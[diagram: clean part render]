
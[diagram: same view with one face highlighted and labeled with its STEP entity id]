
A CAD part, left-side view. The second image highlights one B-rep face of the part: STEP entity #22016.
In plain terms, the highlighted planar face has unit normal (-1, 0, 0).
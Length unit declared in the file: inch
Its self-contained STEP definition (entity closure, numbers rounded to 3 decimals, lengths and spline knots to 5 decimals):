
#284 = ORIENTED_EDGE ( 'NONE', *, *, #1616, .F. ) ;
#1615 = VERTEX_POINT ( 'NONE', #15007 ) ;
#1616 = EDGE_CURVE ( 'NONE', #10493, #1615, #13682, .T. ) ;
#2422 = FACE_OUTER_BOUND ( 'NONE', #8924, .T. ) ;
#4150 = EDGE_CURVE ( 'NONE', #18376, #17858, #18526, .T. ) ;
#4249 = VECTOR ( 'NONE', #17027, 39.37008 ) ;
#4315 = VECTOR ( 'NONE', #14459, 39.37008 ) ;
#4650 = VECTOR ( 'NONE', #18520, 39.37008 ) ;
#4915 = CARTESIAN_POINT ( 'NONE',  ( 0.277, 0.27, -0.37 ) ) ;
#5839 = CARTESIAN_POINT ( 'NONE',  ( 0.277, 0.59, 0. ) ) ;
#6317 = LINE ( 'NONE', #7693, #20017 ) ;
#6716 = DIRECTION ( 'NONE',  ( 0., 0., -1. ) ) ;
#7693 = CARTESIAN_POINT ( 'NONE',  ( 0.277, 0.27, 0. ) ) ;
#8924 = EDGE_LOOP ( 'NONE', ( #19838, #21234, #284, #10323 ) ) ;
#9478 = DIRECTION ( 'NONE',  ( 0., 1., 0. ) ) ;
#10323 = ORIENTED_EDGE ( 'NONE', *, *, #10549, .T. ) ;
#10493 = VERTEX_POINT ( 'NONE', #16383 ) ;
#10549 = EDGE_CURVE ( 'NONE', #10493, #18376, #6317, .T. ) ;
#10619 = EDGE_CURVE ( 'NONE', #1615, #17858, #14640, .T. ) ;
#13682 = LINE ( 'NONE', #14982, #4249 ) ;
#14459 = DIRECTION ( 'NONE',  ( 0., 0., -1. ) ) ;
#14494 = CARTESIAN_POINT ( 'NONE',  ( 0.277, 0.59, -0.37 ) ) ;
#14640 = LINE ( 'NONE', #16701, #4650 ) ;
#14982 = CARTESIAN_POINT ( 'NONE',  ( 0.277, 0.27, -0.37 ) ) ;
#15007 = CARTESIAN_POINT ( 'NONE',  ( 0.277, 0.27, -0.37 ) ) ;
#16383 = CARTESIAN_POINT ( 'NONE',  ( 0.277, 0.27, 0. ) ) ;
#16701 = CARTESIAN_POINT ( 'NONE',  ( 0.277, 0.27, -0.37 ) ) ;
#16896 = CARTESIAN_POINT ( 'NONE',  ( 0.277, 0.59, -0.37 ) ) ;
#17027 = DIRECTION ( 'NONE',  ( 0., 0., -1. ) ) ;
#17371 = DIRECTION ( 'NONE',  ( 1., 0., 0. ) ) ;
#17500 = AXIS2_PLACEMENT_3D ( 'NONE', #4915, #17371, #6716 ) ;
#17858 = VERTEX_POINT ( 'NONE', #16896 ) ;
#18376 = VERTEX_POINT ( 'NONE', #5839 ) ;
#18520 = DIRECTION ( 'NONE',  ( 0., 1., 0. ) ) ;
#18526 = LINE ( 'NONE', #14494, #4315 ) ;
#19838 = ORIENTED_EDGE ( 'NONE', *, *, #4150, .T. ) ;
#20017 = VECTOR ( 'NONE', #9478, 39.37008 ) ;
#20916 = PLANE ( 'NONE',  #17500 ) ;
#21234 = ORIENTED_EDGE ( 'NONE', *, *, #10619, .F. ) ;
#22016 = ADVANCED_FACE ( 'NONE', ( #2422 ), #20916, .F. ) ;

■ **The problem**
Write back every line of the material exactly as it was provided.

■ **Response**
[diagram: clean part render]
[diagram: same view with one face highlighted and labeled with its STEP entity id]
A CAD part, left-side view. The second image highlights one B-rep face of the part: STEP entity #22016.
In plain terms, the highlighted planar face has unit normal (-1, 0, 0).
Length unit declared in the file: inch
Its self-contained STEP definition (entity closure, numbers rounded to 3 decimals, lengths and spline knots to 5 decimals):
#284 = ORIENTED_EDGE ( 'NONE', *, *, #1616, .F. ) ;
#1615 = VERTEX_POINT ( 'NONE', #15007 ) ;
#1616 = EDGE_CURVE ( 'NONE', #10493, #1615, #13682, .T. ) ;
#2422 = FACE_OUTER_BOUND ( 'NONE', #8924, .T. ) ;
#4150 = EDGE_CURVE ( 'NONE', #18376, #17858, #18526, .T. ) ;
#4249 = VECTOR ( 'NONE', #17027, 39.37008 ) ;
#4315 = VECTOR ( 'NONE', #14459, 39.37008 ) ;
#4650 = VECTOR ( 'NONE', #18520, 39.37008 ) ;
#4915 = CARTESIAN_POINT ( 'NONE',  ( 0.277, 0.27, -0.37 ) ) ;
#5839 = CARTESIAN_POINT ( 'NONE',  ( 0.277, 0.59, 0. ) ) ;
#6317 = LINE ( 'NONE', #7693, #20017 ) ;
#6716 = DIRECTION ( 'NONE',  ( 0., 0., -1. ) ) ;
#7693 = CARTESIAN_POINT ( 'NONE',  ( 0.277, 0.27, 0. ) ) ;
#8924 = EDGE_LOOP ( 'NONE', ( #19838, #21234, #284, #10323 ) ) ;
#9478 = DIRECTION ( 'NONE',  ( 0., 1., 0. ) ) ;
#10323 = ORIENTED_EDGE ( 'NONE', *, *, #10549, .T. ) ;
#10493 = VERTEX_POINT ( 'NONE', #16383 ) ;
#10549 = EDGE_CURVE ( 'NONE', #10493, #18376, #6317, .T. ) ;
#10619 = EDGE_CURVE ( 'NONE', #1615, #17858, #14640, .T. ) ;
#13682 = LINE ( 'NONE', #14982, #4249 ) ;
#14459 = DIRECTION ( 'NONE',  ( 0., 0., -1. ) ) ;
#14494 = CARTESIAN_POINT ( 'NONE',  ( 0.277, 0.59, -0.37 ) ) ;
#14640 = LINE ( 'NONE', #16701, #4650 ) ;
#14982 = CARTESIAN_POINT ( 'NONE',  ( 0.277, 0.27, -0.37 ) ) ;
#15007 = CARTESIAN_POINT ( 'NONE',  ( 0.277, 0.27, -0.37 ) ) ;
#16383 = CARTESIAN_POINT ( 'NONE',  ( 0.277, 0.27, 0. ) ) ;
#16701 = CARTESIAN_POINT ( 'NONE',  ( 0.277, 0.27, -0.37 ) ) ;
#16896 = CARTESIAN_POINT ( 'NONE',  ( 0.277, 0.59, -0.37 ) ) ;
#17027 = DIRECTION ( 'NONE',  ( 0., 0., -1. ) ) ;
#17371 = DIRECTION ( 'NONE',  ( 1., 0., 0. ) ) ;
#17500 = AXIS2_PLACEMENT_3D ( 'NONE', #4915, #17371, #6716 ) ;
#17858 = VERTEX_POINT ( 'NONE', #16896 ) ;
#18376 = VERTEX_POINT ( 'NONE', #5839 ) ;
#18520 = DIRECTION ( 'NONE',  ( 0., 1., 0. ) ) ;
#18526 = LINE ( 'NONE', #14494, #4315 ) ;
#19838 = ORIENTED_EDGE ( 'NONE', *, *, #4150, .T. ) ;
#20017 = VECTOR ( 'NONE', #9478, 39.37008 ) ;
#20916 = PLANE ( 'NONE',  #17500 ) ;
#21234 = ORIENTED_EDGE ( 'NONE', *, *, #10619, .F. ) ;
#22016 = ADVANCED_FACE ( 'NONE', ( #2422 ), #20916, .F. ) ;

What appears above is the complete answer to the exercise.